EPR's credit facility, which has an outstanding balance of around $750 million, expires in February 2022. The company also has $675 million of long-term debt that matures in 2023.
EPR has time to work on extending or refinancing these obligations, but it may not be able to do so on very favorable terms.
The REIT's BBB- credit rating from Standard & Poor's sits just one notch above junk, and a negative outlook was placed on the rating at the end of March.
Given the current state of EPR's business and the growing risk of a recession, its borrowing costs have likely increased substantially, and its covenant headroom could be pressured.
EPR's credit facility and senior unsecured notes contain various covenants or restrictions that limit the company's levels of debt and dividend distributions.
Few details about these covenants are disclosed in EPR's 10-K, but the REIT's plunge in rental income and need to burn through cash for the foreseeable future don't bode well.
EPR's dividend costs around $350 million annually and is the easiest lever management could pull to protect the REIT's balance sheet.
What's less clear is what business might look like once movie theaters, entertainment centers, resorts, and other non-essential companies are allowed to safely reopen.
Nobody knows the timing of when this might happen, but we expect demand to be slow to return to many of these activities. Continued social distancing precautions could play a role, but consumer confidence has also taken a hit.
It will take time for some people to regain the courage to return to public crowded areas like theaters due to lingering fears of contagion, and the unstable employment backdrop could reduce spending on discretionary entertainment.
Operators of these companies may also have to run their businesses at much lower capacity levels to restore confidence, or perhaps to comply with continued social distancing guidelines. Costs to keep facilities extra clean seem likely to rise, too.
The bottom line is that it's increasingly hard to imagine a world where EPR's tenants are able to return to paying their previous rent anytime soon, if ever. And that's assuming most of them even survive the next recession in their weakened states.
If EPR's rent returned to 75% of its previous level, we estimate that the stock's price-to-adjusted-funds-from-operations (P/AFFO) ratio would be around 6 today.

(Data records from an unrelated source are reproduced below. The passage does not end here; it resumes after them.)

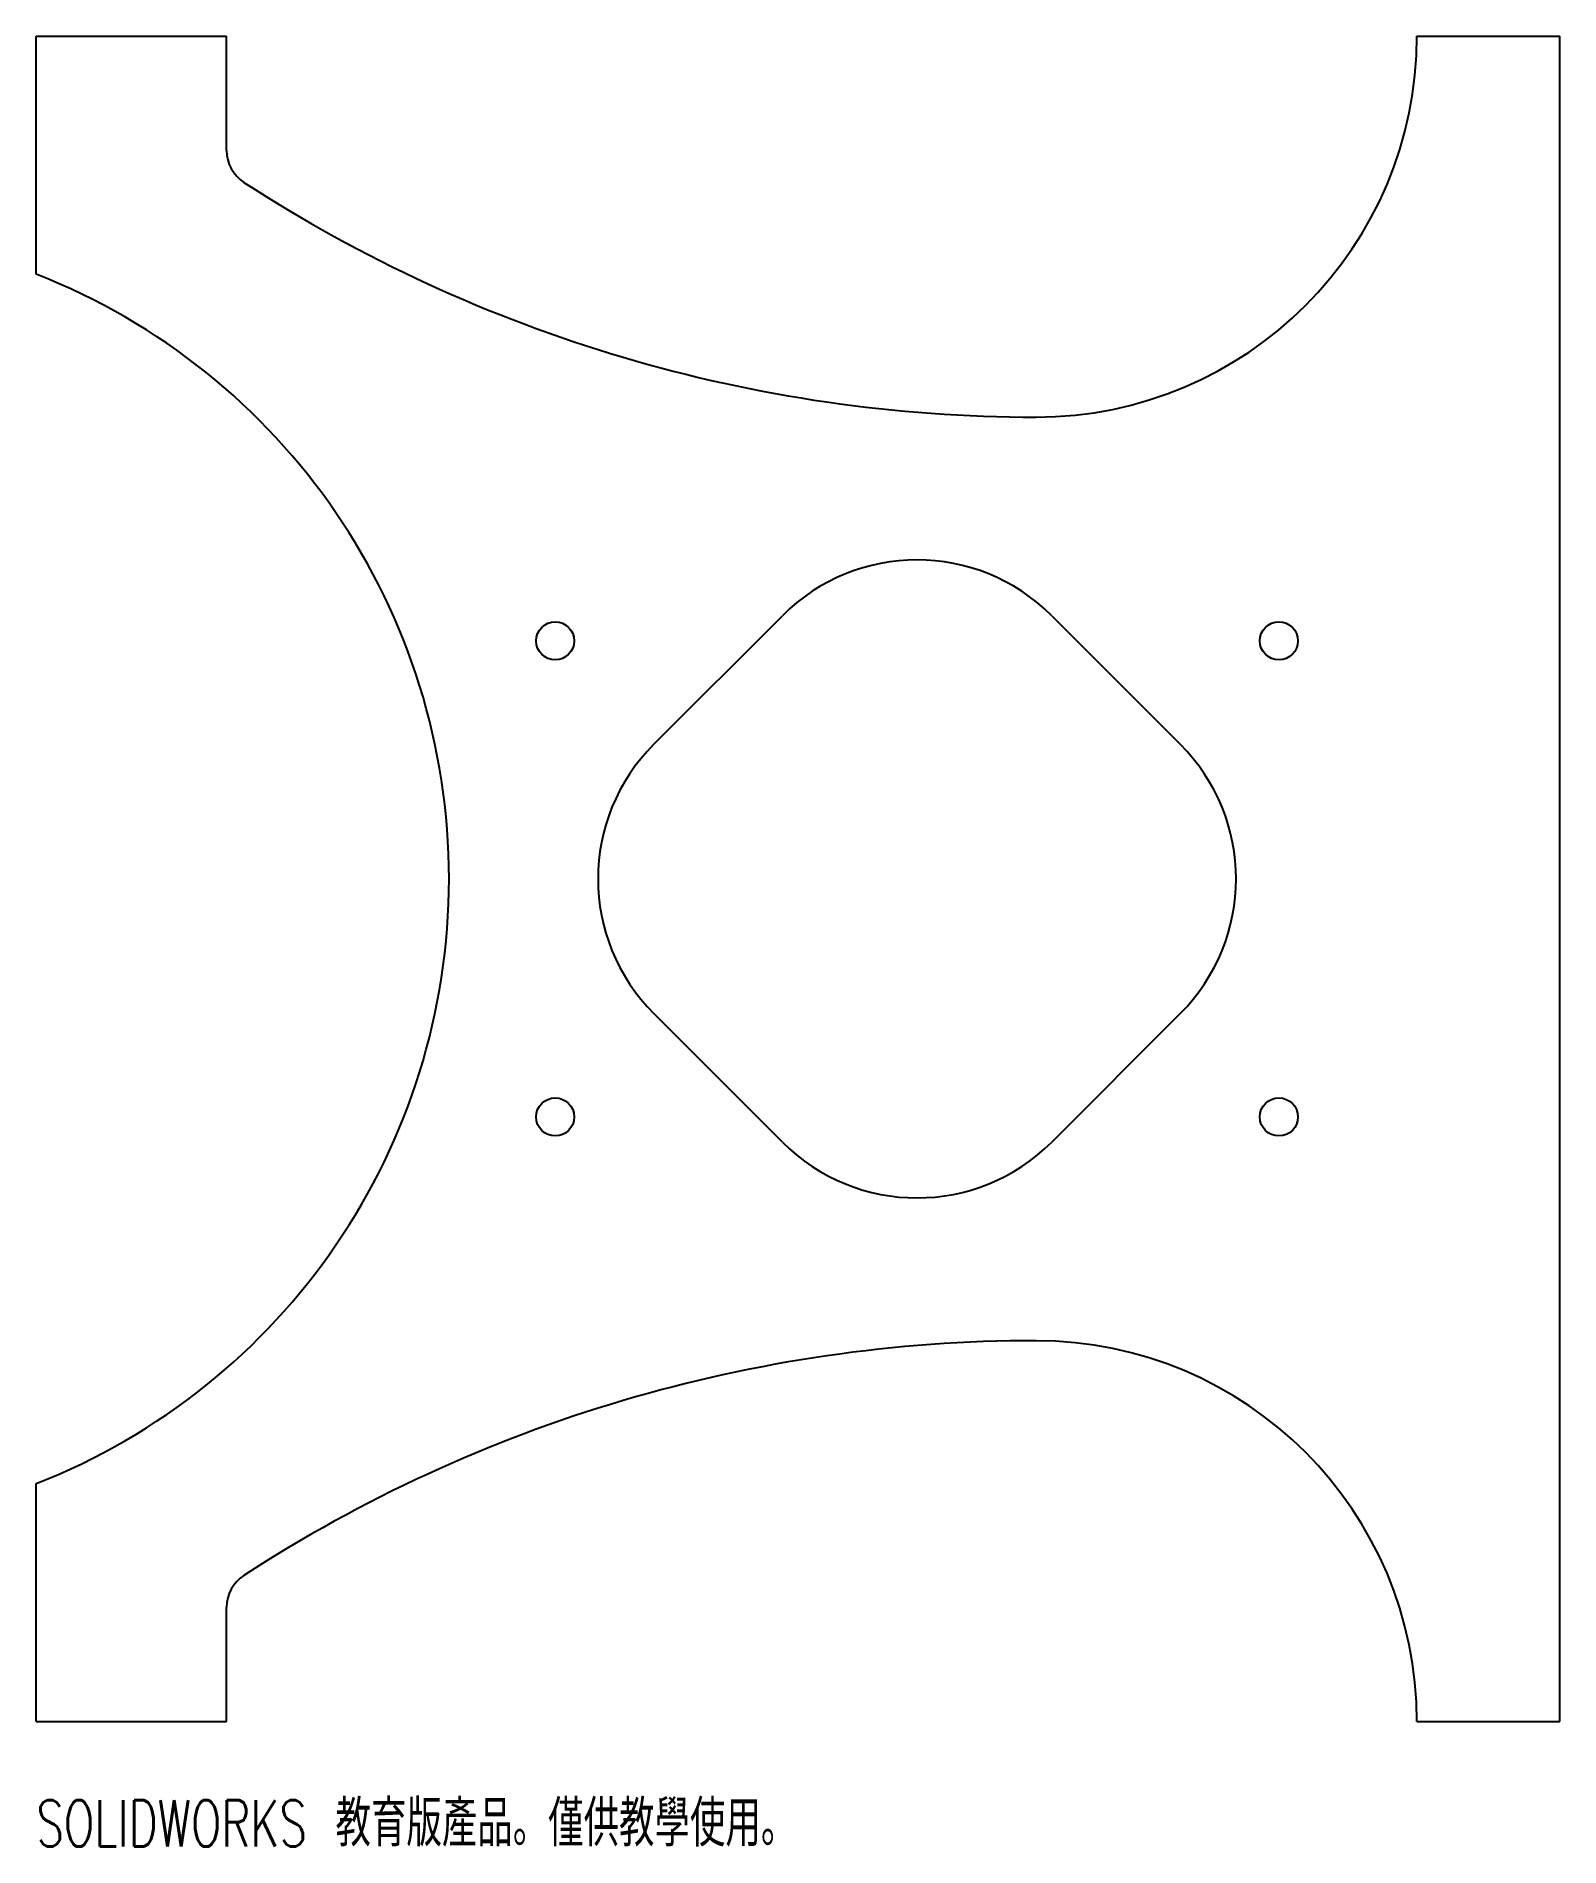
# Model space of a CAD drawing. Header units: millimetres. Extents: x 6 to 166, y -102 to 89.
import ezdxf

# ---------------------------------------------------------------- set-up
doc = ezdxf.new("R2010")
doc.units = ezdxf.units.MM
doc.styles.add('SLDTEXTSTYLE0', font='TXT', dxfattribs={"width": 0.7, "bigfont": 'bigfont'})

msp = doc.modelspace()

# ---------------------------------------------------------------- linework, layer by layer
at = {"color": 7, "linetype": 'Continuous', "lineweight": 25}
for p, q in [((6, 63.5), (6, 88.5)), ((6, 88.5), (26, 88.5)), ((26, 76.5), (26, 88.5)), ((151, 88.5), (166, 88.5)), ((166, -88.5), (166, 88.5)), ((70.86, 14.14), (84.36, 27.64)), ((112.64, 27.64), (126.14, 14.14)), ((84.36, -27.64), (70.86, -14.14)), ((126.14, -14.14), (112.64, -27.64)), ((6, -88.5), (6, -63.5)), ((26, -88.5), (26, -76.5)), ((6, -88.5), (26, -88.5)), ((151, -88.5), (166, -88.5))]:
    msp.add_line(p, q, dxfattribs=at)
for centre in [(60.5, 25), (136.5, 25), (60.5, -25), (136.5, -25)]:
    msp.add_circle(centre, 2, dxfattribs=at)
for centre, radius, start, end in [((111, 88.5), 40, 270, 0), ((30, 76.5), 4, 180, 236.9913), ((111, 201.19), 152.69, 236.9913, 270), ((-18.84, 0), 68.19, 291.3646, 68.6354), ((98.5, 13.5), 20, 45, 135), ((85, 0), 20, 135, 225), ((112, 0), 20, 315, 45), ((98.5, -13.5), 20, 225, 315), ((111, -201.19), 152.69, 90, 123.0087), ((111, -88.5), 40, 0, 90), ((30, -76.5), 4, 123.0087, 180)]:
    msp.add_arc(centre, radius, start, end, dxfattribs=at)

# ---------------------------------------------------------------- texts
at = {"color": 7, "linetype": 'Continuous', "insert": (6, -96.77), "char_height": 4.8336, "attachment_point": 1, "style": 'SLDTEXTSTYLE0'}
msp.add_mtext('SOLIDWORKS 教育版產品。僅供教學使用。', dxfattribs=at)

doc.saveas('drawing.dxf')
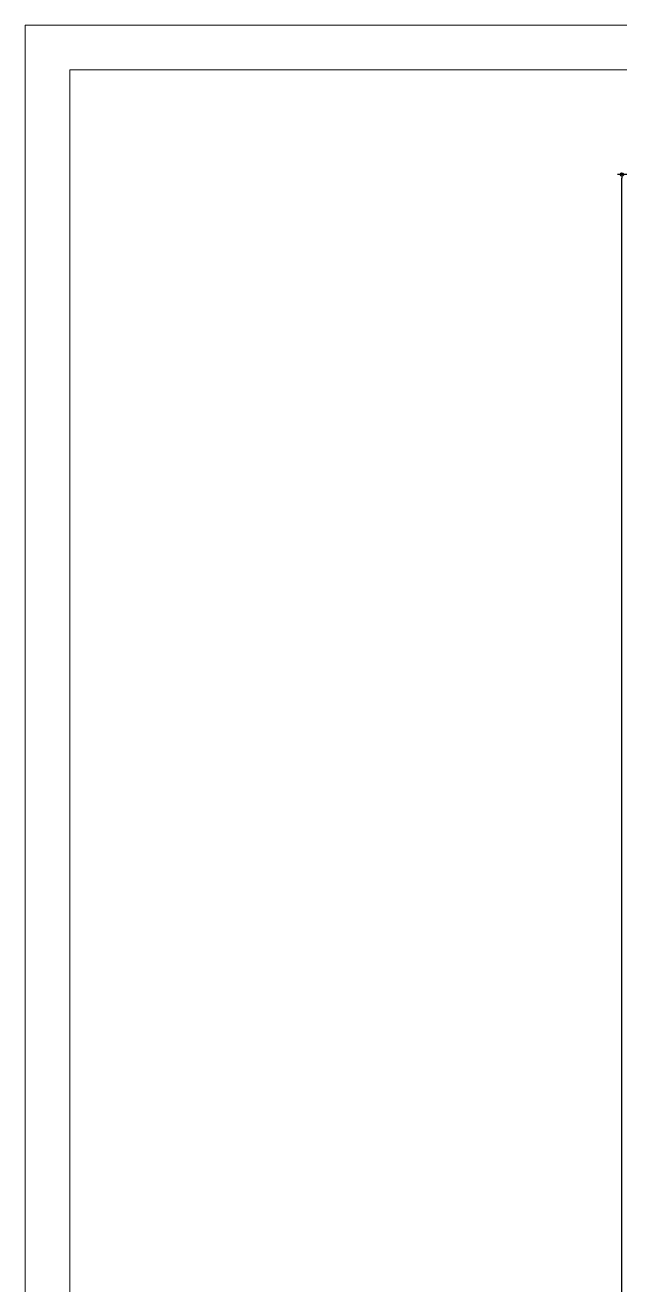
# Model space of a CAD drawing. Header units: millimetres. Extents: x 2030 to 44114, y 1520 to 18221.
# Drawn here: x 32968 to 33634, y 7744 to 9154 of the extents above; entities that cross this region are included whole.
import ezdxf

# ---------------------------------------------------------------- set-up
doc = ezdxf.new("R2010")
doc.units = ezdxf.units.MM
for name, color, linetype, lineweight in [('018 - Cotas', 244, 'Continuous', 5), ('08', 8, 'Continuous', 5), ('250 - Carimbo', 250, 'Continuous', 5)]:
    doc.layers.add(name, color=color, linetype=linetype, lineweight=lineweight)
doc.styles.add('LE2', font='tahoma.ttf')
doc.dimstyles.new('000_COTA075', dxfattribs={"dimtxt": 14, "dimasz": 4, "dimexe": 5, "dimexo": 5, "dimgap": 5, "dimtad": 1, "dimdec": 1, "dimzin": 12, "dimdsep": 46, "dimtxsty": 'LE2', "dimblk": 'ORIGIN', "dimcen": 0, "dimclrd": 256, "dimclre": 256, "dimclrt": 2, "dimadec": 0, "dimazin": 0, "dimtfac": 1, "dimtdec": 1, "dimtix": 1, "dimtmove": 2, "dimatfit": 3, "dimfxl": 5, "dimtolj": 1, "dimtzin": 0, "dimarcsym": 0})

# ---------------------------------------------------------------- blocks, each defined once
blk = doc.blocks.new('WOEIFHNWIUJBENQ')
at = {"layer": '250 - Carimbo'}
for points in [[(35439.6, 21880.3), (38409.6, 21880.3), (38409.6, 17680.3), (35439.6, 17680.3)], [(35489.6, 21830.3), (38359.6, 21830.3), (38359.6, 17730.3), (35489.6, 17730.3)]]:
    blk.add_lwpolyline(points, close=True, dxfattribs=at)
blk = doc.blocks.new('_Origin')
at = {"color": 0, "linetype": 'ByBlock', "lineweight": -2}
blk.add_line((0, 0), (-1, 0), dxfattribs=at)
blk.add_circle((0, 0), 0.5, dxfattribs=at)
blk = doc.blocks.new('*D221')
at = {"layer": '018 - Cotas', "lineweight": -2, "transparency": 16777216}
for p, q in [((33694.9, 8986.7), (33631.4, 8986.7)), ((33636.4, 5207.7), (33636.4, 8982.7)), ((33694.9, 5203.7), (33631.4, 5203.7))]:
    blk.add_line(p, q, dxfattribs=at)
at = {"layer": 'Defpoints', "color": 0, "transparency": 16777216}
for p in [(33636.4, 8986.7), (33699.9, 8986.7), (33699.9, 5203.7)]:
    blk.add_point(p, dxfattribs=at)
at = {"layer": '018 - Cotas', "lineweight": -2, "transparency": 16777216, "xscale": 4, "yscale": 4, "zscale": 4}
for p, rotation in [((33636.4, 8986.7), 90), ((33636.4, 5203.7), 270)]:
    blk.add_blockref('_Origin', p, dxfattribs=dict(at, rotation=rotation))
at = {"layer": '018 - Cotas', "color": 2, "transparency": 16777216, "insert": (33624.1, 7095.2), "char_height": 14, "attachment_point": 5, "rotation": 90, "style": 'LE2'}
blk.add_mtext('\\A1;3783', dxfattribs=at)

msp = doc.modelspace()

# ---------------------------------------------------------------- block references
at = {"layer": '08'}
msp.add_blockref('WOEIFHNWIUJBENQ', (-2471.43, -12726.52), dxfattribs=at)

# ---------------------------------------------------------------- dimensions: what is measured, and where the dimension line sits
at = {"layer": '018 - Cotas'}
dim = msp.add_linear_dim(base=(33636.44, 8986.74), p1=(33699.9, 5203.74), p2=(33699.9, 8986.74), angle=90, dimstyle='000_COTA075', override={"dimtad": 3}, dxfattribs=at)
dim.commit()
dim.dimension.update_dxf_attribs({"geometry": '*D221', "text_midpoint": (33624.12, 7095.24)})

doc.saveas('drawing.dxf')

A 50% rent reduction would put the stock's multiple closer to 10.
While that may sound cheap, it doesn't seem unreasonable given EPR's elevated leverage profile, weak tenant base, and diminished growth prospects due to the company's rising cost of capital.
EPR releases earnings on May 6, and we continue to expect the firm's dividend to eventually be significantly reduced. As conservative income investors, we prefer to own companies that have safer payouts, more in their control, and clearer paths to long-term growth.